Over the years, requests for this compound have come in waves—from small research shops to major pharmaceutical innovators. The buyers’ concerns often share a theme: reliability on schedule and material consistency. We track orders to ensure timing and sequencing of deliveries complement our own manufacturing cycles. When shortages or unexpected surges hit, our in-house planners collaborate directly with production and logistics, giving preference to customers developing promising medical products or needing strict reliability for regulatory submissions.
We don’t work in a bubble. Demand forecasts guide how we plan our production runs; a clear view of the end-use details supports better batch timing and helps minimize rush charges or scramble for raw materials. We schedule plant maintenance—or minor stoppages—in lockstep with anticipated surges or planned long-term relationships. That “boots on the ground” approach allows us to keep supply chains uninterrupted, especially for complex molecules that can’t be sourced on the open market at the last moment.

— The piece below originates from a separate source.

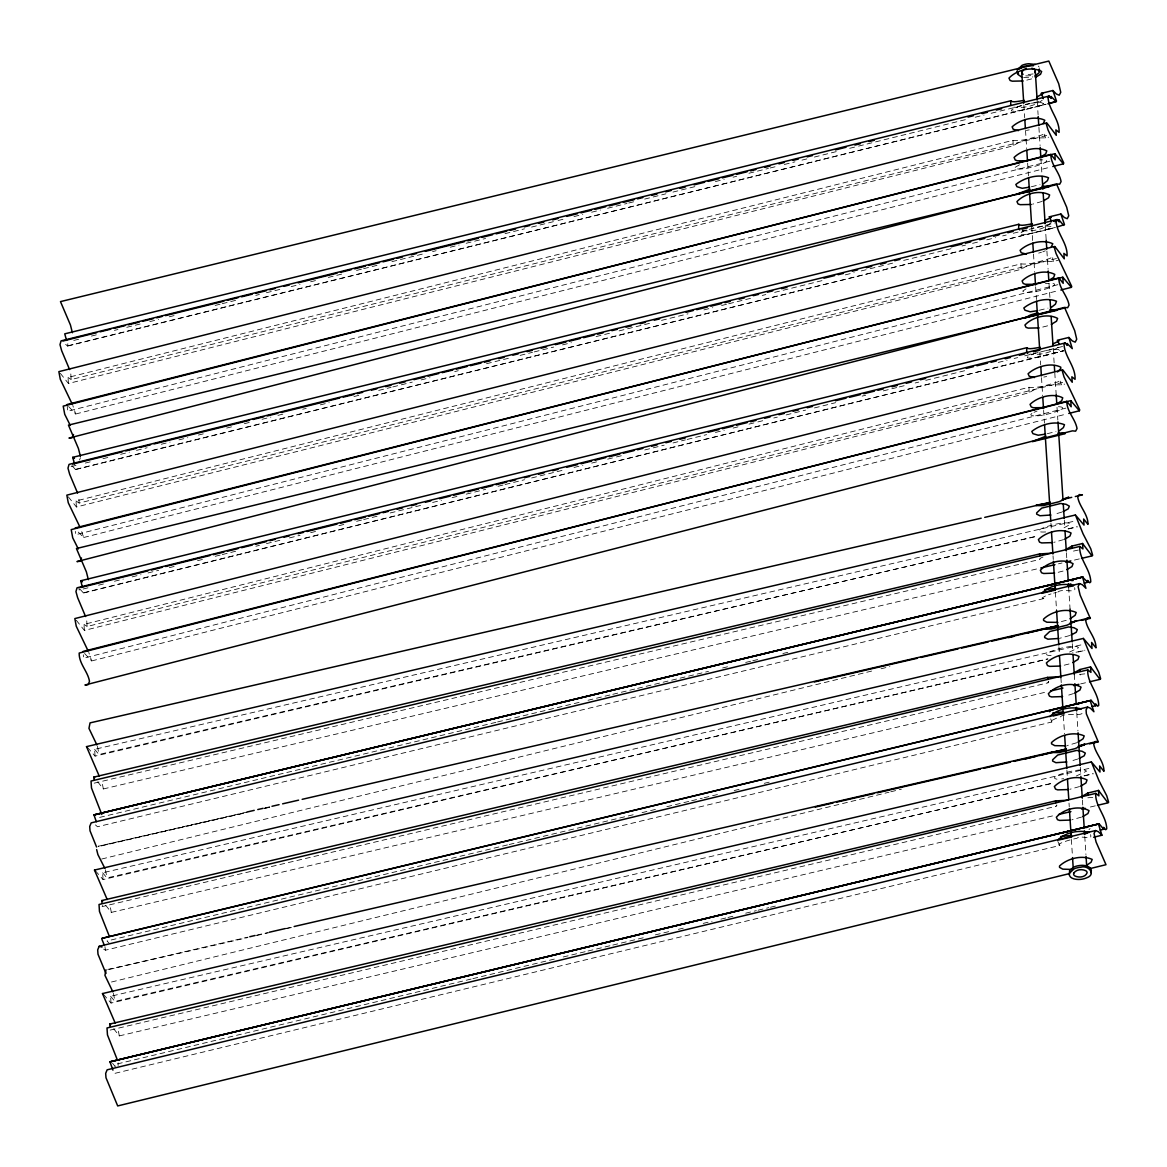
<?xml version="1.0" encoding="UTF-8"?>
<svg xmlns="http://www.w3.org/2000/svg" width="1167" height="1167" viewBox="0 0 1167 1167"><rect width="100%" height="100%" fill="white"/><g stroke="black" fill="none" stroke-linecap="round" stroke-linejoin="round"><path stroke-width="0.75" stroke-dasharray="5 3.75" d="M118.144 1065.456L118.173 1062.918M60.334 373.338L68.43 383.491L1013.292 145.802C1022.044 139.471 1034.75 137.502 1045.617 137.925L1048.652 137.181M68.328 496.836L76.409 506.989L1021.271 269.3C1030.038 262.983 1042.729 261 1053.597 261.423L1058.163 260.299M76.307 620.275L84.389 630.428L1029.265 392.739C1038.017 386.408 1050.708 384.439 1061.576 384.862L1064.625 384.118M68.43 383.491L68.007 377.452L1012.941 140.346C1022.38 141.499 1032.912 137.604 1042.219 134.847C1048.083 131.215 1042.685 133.198 1045.617 137.925M76.409 506.989L76.001 500.964L1020.935 263.859C1030.373 264.997 1040.891 261.116 1050.198 258.345C1056.062 254.712 1050.679 256.696 1053.597 261.423M84.389 630.428L83.98 624.389L1028.915 387.284C1038.353 388.436 1048.885 384.541 1058.177 381.784C1064.041 378.152 1058.659 380.136 1061.576 384.862M1039.637 558.774L1040.599 558.555M1078.352 550.051L1072.269 551.349M1084.814 673.855L1079.169 674.511M1092.793 797.353L1085.047 798.038M1046.711 135.474L71.172 379.567L70.706 372.623M1056.456 258.52L79.152 503.065L78.685 496.121M1062.67 382.411L87.131 626.504L86.664 619.56M65.644 344.338L67.584 346.088L67.876 343.434M71.887 465.604L75.563 469.586L75.855 466.946M79.867 589.043L83.543 593.026L83.834 590.371M102.477 905.461L102.171 906.599L1047.966 682.841L1048.535 681.207M68.605 406.539L75.695 413.993L72.806 405.503M78.291 532.108L83.688 537.491L80.8 529.001M84.564 653.476L91.668 660.93L88.78 652.441M79.502 460.046L80.479 457.668M1051.307 222.197C1044.261 229.987 1031.964 231.547 1021.913 230.672M97.751 781.861L103.338 788.965L101.908 781.35M105.73 905.3L111.317 912.404L109.902 904.79M113.724 1028.798L119.311 1035.902L117.882 1028.287M110.165 1030.096L1055.96 806.339L1056.908 805.245M1088.971 829.606L1090.109 828.555M1031.861 413.483L1030.724 414.504C1032.853 420.324 1077.768 406.758 1057.127 406.685M1042.219 100.274C1034.283 106.168 1023.663 108.298 1013.933 107.174M1058.192 347.212C1050.256 353.105 1039.622 355.235 1029.907 354.112M1048.768 681.44L1047.966 682.841M1056.762 804.938L1055.96 806.339M1045.501 595.987L1042.16 597.84L1043.181 598.569L1042.714 595.447M1026.041 288.876L1022.744 291.064C1026.624 297.147 1074.355 281.407 1045.442 283.625M1033.087 73.915L1025.195 75.082M1040.789 558.001L1042.977 557.038M1042.831 251.853L1045.296 250.803M1037.084 411.047L1034.035 412.316M1064.071 527.79L1070.431 524.319C1067.645 518.265 1020.994 533.173 1045.749 531.962M1025.399 230.264C1002.584 241.759 1056.704 227.434 1054.18 227.696M1056.529 718.172L1050.14 721.279L1051.846 721.994L1050.694 718.887M1076.703 742.752L1067.207 745.553M1019.491 164.795L1014.75 167.567C1017.536 173.62 1064.202 158.712 1039.432 159.937M1042.102 201.41L1032.605 204.167M1073.523 693.563L1066.886 695.678M1081.503 817.075L1072.006 819.774M1021.14 105.541C991.075 117.006 1039.17 108.166 1043.648 103.644L1040.468 102.317L1030.972 103.236M76.191 469.207L1047.397 229.403L1051.671 226.486L1045.442 225.887L1033.291 227.915M1035.858 352.886C1008.288 363.783 1055.872 354.826 1059.607 350.581L1058.571 349.517L1053.422 349.327L1042.7 351.034M1063.56 539.621L1054.064 542.305M1079.533 786.558L1070.037 789.242M1061.78 512.08L1055.143 514.107M1069.774 635.519L1060.263 638.145M1077.754 759.017L1071.116 761.044M1069.57 652.061L1078.425 647.758C1076.295 641.938 1031.365 655.504 1052.007 655.591M1076.31 775.982L1086.404 771.256C1085.339 766.077 1044.129 776.886 1056.981 779.177M1048.549 594.732L1051.044 593.915M1038.674 253.093L1041.445 252.262M1066.244 620.333L1059.228 622.113M1031.643 78.889L1024.626 80.669M1047.616 325.826L1040.585 327.606M1063.064 571.071L1056.033 572.837M1069.06 663.979L1062.043 665.744M1053.67 593.128L1056.441 592.384M1060.263 716.946C1065.909 711.126 1085.821 718.682 1082.524 710.09M1049.892 161.177L67.569 411.265L67.234 406.189M75.695 413.993L1051.044 166.954M1057.886 284.675L75.549 534.763L75.33 531.379M83.688 537.491L1059.038 290.452M1065.865 408.114L83.528 658.203L83.309 654.818M91.668 660.93L1067.017 413.891M73.754 340.443L79.064 339.13M91.434 336.067L96.744 334.754M114.41 330.378L117.955 329.502M126.78 327.314L140.93 323.813M149.77 321.625L158.61 319.437M169.215 316.811L176.275 315.061M215.166 305.433L220.461 304.12M222.241 303.683L238.141 299.744M255.821 295.368L259.351 294.492M266.426 292.742L282.326 288.803M291.166 286.615L300.007 284.427M310.612 281.801L317.687 280.051M328.292 277.425L344.192 273.486M356.577 270.423L361.872 269.11M363.637 268.673L379.552 264.734M391.922 261.656L423.738 253.779M432.578 251.591L436.108 250.715M450.258 247.214L459.083 245.026M466.158 243.276L485.603 238.462M505.048 233.648L524.494 228.834M531.554 227.084L556.309 220.957M558.074 220.519L565.149 218.769M573.989 216.581L582.814 214.392M591.654 212.204L600.494 210.016M607.569 208.266L627.015 203.452M628.78 203.014L635.84 201.264M644.68 199.076L665.89 193.824M672.965 192.074L697.706 185.947M715.386 181.571L724.226 179.382M733.066 177.194L736.596 176.319M748.966 173.241L768.411 168.427M770.176 167.99L777.251 166.239M784.326 164.489L794.931 161.863M801.992 160.112L807.301 158.8M814.376 157.049L839.117 150.922M849.722 148.297L856.797 146.546M858.562 146.108L966.378 119.413M975.218 117.225L984.058 115.037M991.133 113.287L998.193 111.536M999.973 111.098L1042.394 100.595M71.143 466.581L76.438 465.254M85.279 463.066L90.588 461.753M102.959 458.689L108.254 457.376M120.639 454.313L129.464 452.125M136.539 450.374L147.144 447.749M161.279 444.248L170.119 442.06M178.959 439.871L187.799 437.683M198.405 435.058L205.48 433.307M226.69 428.056L231.985 426.743M244.355 423.679L249.665 422.366M262.035 419.303L270.875 417.115M277.95 415.364L285.011 413.614M302.691 409.238L306.221 408.362M320.371 404.861L329.211 402.673M353.951 396.547L359.261 395.234M378.692 390.42L391.076 387.356M392.841 386.919L412.287 382.105M421.127 379.917L429.952 377.714M454.707 371.587L458.237 370.712M486.522 363.71L511.263 357.583M520.103 355.395L532.473 352.332M534.238 351.894L553.683 347.08M562.523 344.892L571.363 342.704M596.104 336.577L612.019 332.639M619.093 330.888L652.674 322.573M661.514 320.385L688.019 313.821M703.934 309.882L712.774 307.694M721.6 305.506L726.91 304.193M728.675 303.756L753.43 297.629M762.255 295.441L765.8 294.565M774.64 292.377L824.121 280.109M845.331 274.858L854.171 272.67M861.246 270.919L868.321 269.169M870.086 268.731L885.986 264.792M887.751 264.355L894.826 262.604M903.666 260.416L953.162 248.163M962.002 245.974L965.532 245.099M972.607 243.349L977.902 242.036M986.742 239.848L995.582 237.66M1002.657 235.909L1006.187 235.034M1013.262 233.283L1027.398 229.782M1029.163 229.345L1055.683 222.78M87.963 587.818L79.123 590.006L78.991 587.935M98.568 585.192L105.643 583.442M114.468 581.254L123.308 579.065M132.148 576.877L140.988 574.689M148.063 572.939L158.668 570.313M169.273 567.687L176.334 565.937M197.544 560.685L202.854 559.372M215.224 556.309L220.534 554.996M222.299 554.558L238.199 550.62M255.879 546.244L259.41 545.368M266.484 543.618L282.399 539.679M289.46 537.929L300.065 535.303M310.67 532.677L317.745 530.927M338.955 525.675L344.265 524.362M356.635 521.299L361.93 519.986M363.696 519.548L379.611 515.61M390.216 512.969L423.796 504.655M432.636 502.466L441.476 500.278M452.081 497.653L459.156 495.902M466.217 494.152L485.662 489.338M498.032 486.274L503.342 484.961M505.107 484.524L524.552 479.71M531.627 477.959L565.207 469.645M574.047 467.456L582.887 465.268M591.713 463.08L597.023 461.767M607.628 459.142L614.703 457.391M616.468 456.953L623.528 455.203M644.738 449.951L664.183 445.138M673.023 442.949L685.394 439.886M687.173 439.448L706.604 434.635M715.444 432.446L724.284 430.258M733.124 428.07L738.434 426.743M749.039 424.117L756.099 422.366M757.864 421.929L764.939 420.178M773.779 417.99L777.31 417.115M786.15 414.927L805.595 410.113M814.435 407.925L835.645 402.673M862.15 396.109L865.695 395.234M883.361 390.857L897.511 387.356M899.276 386.919L906.351 385.168M915.191 382.98L918.721 382.105M925.796 380.354L964.671 370.727M998.266 362.412L1007.092 360.224M1014.167 358.473L1017.697 357.598M1024.772 355.847L1038.907 352.346M1040.687 351.909L1063.662 346.22M68.211 345.695L1045.72 104.344M67.584 346.088L1046.201 104.199M75.563 469.586L1055.464 227.405M84.17 592.632L1063.458 350.844L1055.376 352.842M83.543 593.026L1063.852 350.713M101.733 859.014L872.172 670.937M881.027 668.779L889.881 666.62M111.478 982.016L889.006 792.218M890.786 791.78L901.405 789.184M1039.418 105.905L1045.924 104.315M1031.395 186.735L1040.016 184.634M1047.397 229.403L1053.903 227.813M1039.374 310.232L1047.995 308.132M1047.353 433.672L1055.989 431.571M1043.852 598.554L97.459 826.761L94.031 823.596M103.688 949.165L105.438 950.201L1051.846 721.994M1057.842 841.553L1059.826 845.491L113.432 1073.698L111.682 1072.663M495.887 722.358L99.049 817.542L101.15 819.745M497.653 721.921L579.153 702.374M588.008 700.258L611.041 694.73M612.806 694.307L635.84 688.778M637.62 688.355L678.363 678.581M680.128 678.158L708.486 671.361M722.65 667.962L729.74 666.255M745.684 662.433L750.994 661.164M752.773 660.726L759.863 659.034M782.882 653.505L789.971 651.813M507.412 844.937L107.028 940.981L109.129 943.184M509.177 844.514L633.2 814.77M642.054 812.64L656.233 809.242M666.853 806.689L689.887 801.175M691.666 800.737L702.286 798.199M704.066 797.776L720.01 793.939M734.174 790.54L741.264 788.848M764.297 783.32L771.387 781.627M471.103 979.069L115.008 1064.479L115.154 1066.565L112.528 1063.21M472.883 978.632L554.369 959.084M563.238 956.969L586.257 951.441M588.037 951.017L611.07 945.489M612.835 945.066L644.724 937.422M655.358 934.869L669.522 931.47M678.392 929.34L683.702 928.071M703.19 923.389L712.045 921.274M720.9 919.144L726.224 917.875M727.989 917.437L735.079 915.745M745.713 913.192L756.333 910.639M758.112 910.216L768.732 907.663M770.512 907.24L777.601 905.548M94.191 783.159L1039.987 559.401M103.338 788.965L1038.995 568.417M1058.484 563.821L1062.028 562.975M1074.442 560.058L1079.752 558.803M111.317 912.404L1045.209 692.264M1080.642 683.906L1085.966 682.651M119.311 1035.902L1054.968 815.339M1090.401 806.995L1095.725 805.741M87.379 747.288L95.067 756.128L1037.871 535.886M1068.053 528.826L1076.922 526.755M95.358 870.728L103.061 879.568L1047.616 658.903M1076.032 652.265L1084.902 650.194M103.352 994.226L111.04 1003.066L1053.83 782.824M1084.012 775.763L1092.896 773.692M95.067 756.128L94.629 749.345L1074.749 521.065M94.629 749.345L98.991 754.48L1036.515 536.382M1068.476 528.943L1077.345 526.886M103.061 879.568L102.623 872.785L1082.743 644.505M102.623 872.785L106.97 877.92L1048.039 658.99M1078.235 651.974L1085.325 650.311M111.04 1003.066L110.602 996.282L1090.722 768.003M110.602 996.282L114.95 1001.417L1052.474 783.32M1084.435 775.88L1093.319 773.823M247.127 811.999L98.028 846.323L246.689 812.509M264.88 807.914L271.969 806.28M101.208 845.958L246.835 812.451M264.588 808.366L271.692 806.733M264.428 808.425L271.517 806.791M107.787 969.412L248.017 937.13M256.886 935.088L267.535 932.637M285.288 928.553L292.377 926.919M109.202 969.471L247.725 937.582M256.448 935.598L269.023 932.681M286.601 928.655L293.894 926.963M1025.297 104.417L1029.6 103.469M1057.871 592.063C1062.291 587.935 1077.404 594.134 1074.559 587.687M1026.391 130.412L1029.25 129.873M1043.794 377.072L1046.653 376.533M1061.722 778.9L1063.706 778.71M1059.826 845.491C1054.049 843.916 1074.822 838.46 1076.703 838.373C1080.934 834.478 1093.114 841.247 1090.518 834.624M1025.735 75.899L1028.069 75.87A12.983 7.775 -3.7 0 0 1032.678 75.024M1023.649 77.503L1028.2 77.708A12.983 7.775 -3.7 0 0 1032.795 76.862M1079.927 674.19L1080.234 674.978M68.007 377.452L71.172 379.567M76.001 500.964L79.152 503.065M83.98 624.389L87.131 626.504M1038.294 66.081L1039.184 67.161M97.474 746.34L98.991 754.48M105.453 869.78L106.97 877.92M113.447 993.277L114.95 1001.417M104.942 946.641L105.438 950.201M1012.941 140.346L1013.292 145.802M1020.935 263.859L1021.271 269.3M1028.915 387.284L1029.265 392.739M1037.259 101.923L1038.09 114.643M1038.907 127.378L1040.089 145.554M1040.906 158.274L1041.839 172.818M1045.253 225.537L1046.201 240.081M1046.901 250.993L1048.083 269.169M1049.016 283.712L1049.964 298.256M1053.247 349.166L1054.195 363.71M1054.778 372.798L1056.193 394.606M1057.01 407.341L1057.842 420.062M1064.304 520.044L1064.771 527.324M1066.419 552.779L1066.769 558.22M1068.651 587.307L1070.066 609.13M1072.298 643.673L1072.881 652.761M1074.296 674.57L1074.763 681.849M1076.762 712.745L1077.943 730.936M1080.292 767.288L1080.759 774.567M1082.407 800.008L1082.874 807.287M1084.756 836.374L1085.937 854.55M1023.867 104.972L1024.699 117.707M1025.516 130.427L1026.697 148.603M1027.631 163.147L1028.463 175.881M1031.745 226.777L1032.693 241.321M1033.51 254.041L1034.691 272.232M1035.625 286.776L1036.456 299.496M1039.855 352.215L1040.687 364.935M1041.504 377.67L1042.685 395.846M1043.619 410.39L1044.45 423.11M1050.913 523.108L1051.379 530.372M1053.028 555.828L1053.261 559.46M1055.376 592.18L1056.558 610.37M1058.907 646.722L1059.373 653.987M1060.905 677.633L1061.255 683.074M1063.37 715.809L1064.552 733.985M1066.901 770.337L1067.251 775.792M1069.016 803.071L1069.249 806.703M1071.364 839.423L1072.429 855.79"/><path stroke-width="1.5" d="M1017.347 71.8L1017.712 74.265L1021.636 77.022M1075.303 496.529L1082.407 494.896L1079.169 494.604L1077.754 497.2C1079.417 506.886 1088.052 514.078 1088.009 524.406L1083.632 518.994L1084.026 525.092L1075.42 514.997L1083.049 533.815L1090.78 548.826L1092.677 555.346L1091.714 555.492L1082.553 543.501L1071.904 546.098L1065.486 549.745M1081.503 620.377L1090.386 618.335L1087.163 618.029L1085.733 620.64C1087.411 630.326 1096.032 637.518 1095.988 647.845L1091.612 642.433L1092.006 648.531L1083.399 638.422L1091.028 657.254L1098.76 672.265L1100.671 678.786L1099.693 678.931L1090.547 666.926L1079.883 669.537L1073.48 673.184M1089.497 743.875L1098.366 741.833L1095.142 741.526L1093.727 744.138C1095.39 753.824 1104.026 761.015 1103.967 771.343L1099.606 765.931L1100 772.029L1091.378 761.934L1099.022 780.752L1106.739 795.763L1108.65 802.283L1107.673 802.429L1098.526 790.438L1087.863 793.035L1081.459 796.682M101.792 814.464L91.493 788.002L91.026 781.044L1079.752 546.448C1078.994 559.168 1090.503 569.248 1090.766 581.895L1089.715 582.771L1087.6 580.422L1087.732 582.289L1084.187 583.135M109.362 936.386L99.472 911.442L99.02 904.483L1087.732 669.887C1086.973 682.607 1098.497 692.687 1098.745 705.335L1097.695 706.21L1095.594 703.847L1095.711 705.729L1092.166 706.575M117.342 1059.884L107.466 1034.939L106.999 1027.981L1095.725 793.385C1094.967 806.105 1106.476 816.185 1106.739 828.833L1105.689 829.708L1103.574 827.359L1103.69 829.226L1100.145 830.073M66.548 340.428L64.739 333.85L1010.812 100.785L1010.637 105.249M74.542 463.926L72.719 457.347L1018.806 224.283L1018.631 228.747L1019.754 229.884M82.521 587.366L80.698 580.787L1026.785 347.708L1026.61 352.186L1027.733 353.324M1023.751 103.163L1021.752 72.252L1023.94 69.364M1031.818 68.197L1033.933 69.013A5.266 3.151 -3.7 0 1 1035.26 71.027L1034.706 72.544M1049.089 186.793L1016.486 194.495M1057.069 310.291L1024.48 317.993M1070.227 622.872L1076.747 620.611L1067.105 625.147L1051.307 629.042C1032.824 629.261 1054.705 627.642 1058.017 625.891M1078.206 746.369L1084.726 744.108L1075.099 748.645L1059.3 752.54C1040.818 752.759 1062.685 751.14 1065.996 749.389M1075.42 514.997L86.504 746.632L99.224 776.084M1083.399 638.422L94.483 870.071L107.204 899.524M1091.378 761.934L102.477 993.569L115.183 1023.021M1052.809 166.516L1063.414 163.832L1063.735 162.942L1048.054 129.989L1046.143 123.469L1047.12 123.323L1056.266 135.328L1055.887 129.887L1059.082 132.367C1059.84 119.647 1048.316 109.581 1048.068 96.919L1049.118 96.044L1051.219 98.407L1051.102 96.525L1047.572 97.401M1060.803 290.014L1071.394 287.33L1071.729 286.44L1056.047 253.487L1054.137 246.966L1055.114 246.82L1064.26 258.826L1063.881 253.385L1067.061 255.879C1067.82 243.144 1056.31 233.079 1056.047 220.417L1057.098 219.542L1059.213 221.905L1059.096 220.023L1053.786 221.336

Every campaign brings us practical insights. Sometimes, an older workup method leaves residues that only show up in real-world stability studies or after multiple purification cycles. Our engineers actively iterate—whether by switching to alternative solvent systems, updating reactor cleaning processes, or investing in improved analytical instrumentation. Incremental improvements in process yields or impurity rejection often mean the difference between a viable commercial product and material that sits unused in inventory.
We’ve found that open communication between production, QC, and customer-facing teams catches problems early. Every hiccup, from an off-color batch to a missed yield target, gets logged and leads to a plant-wide review if necessary. Some innovations come from minor tweaks—slowing down solvent addition rates or raising the bar on incoming material screening. Every bit of process knowledge builds up, keeping our production both nimble and accountable.
The regulatory landscape continues to tighten, especially as more healthcare partners demand traceability and robust impurity profiles. We invest as much in documenting our operational decisions as in chemical synthesis itself. A well-tuned lot history helps customers file regulatory submissions without fear of gaps or ambiguity.
While we’ve seen the molecule’s use evolve, what hasn’t shifted is the need for close alignment with scientific partners. Open lines of feedback—whether positive or negative—help us close the gap between lab-proven chemistry and production-scale realities. As long as advanced synthetic targets demand specialized intermediates, we stay committed to in-house training, improvements in plant hygiene and containment, and regular upgrades in analytical methods. The learning curve never levels off in practice.
Producing (4S)-2-[(2-Aminoethoxy)methyl]-4-(2-chlorophenyl)-1,4-dihydro-6-methyl-3,5-pyridinedicarboxylic acid 3-ethyl 5-methyl ester means getting knee deep in hands-on chemistry, quality control, and logistics. Our team’s real-world experience has shaped every improvement, from refining the purification step to updating packaging methods. Customers benefit from this persistent focus—every drum of compound reflects process learning, teamwork across departments, and a constant drive for reliability. Those outcomes matter even more in today’s world of high-stakes, innovative drug development and specialty chemical synthesis.
With every batch, we reinforce the link between practical manufacturing and scientific advancement; quality, safety, and service don’t become footnotes—they become the reason customers return and relationships endure.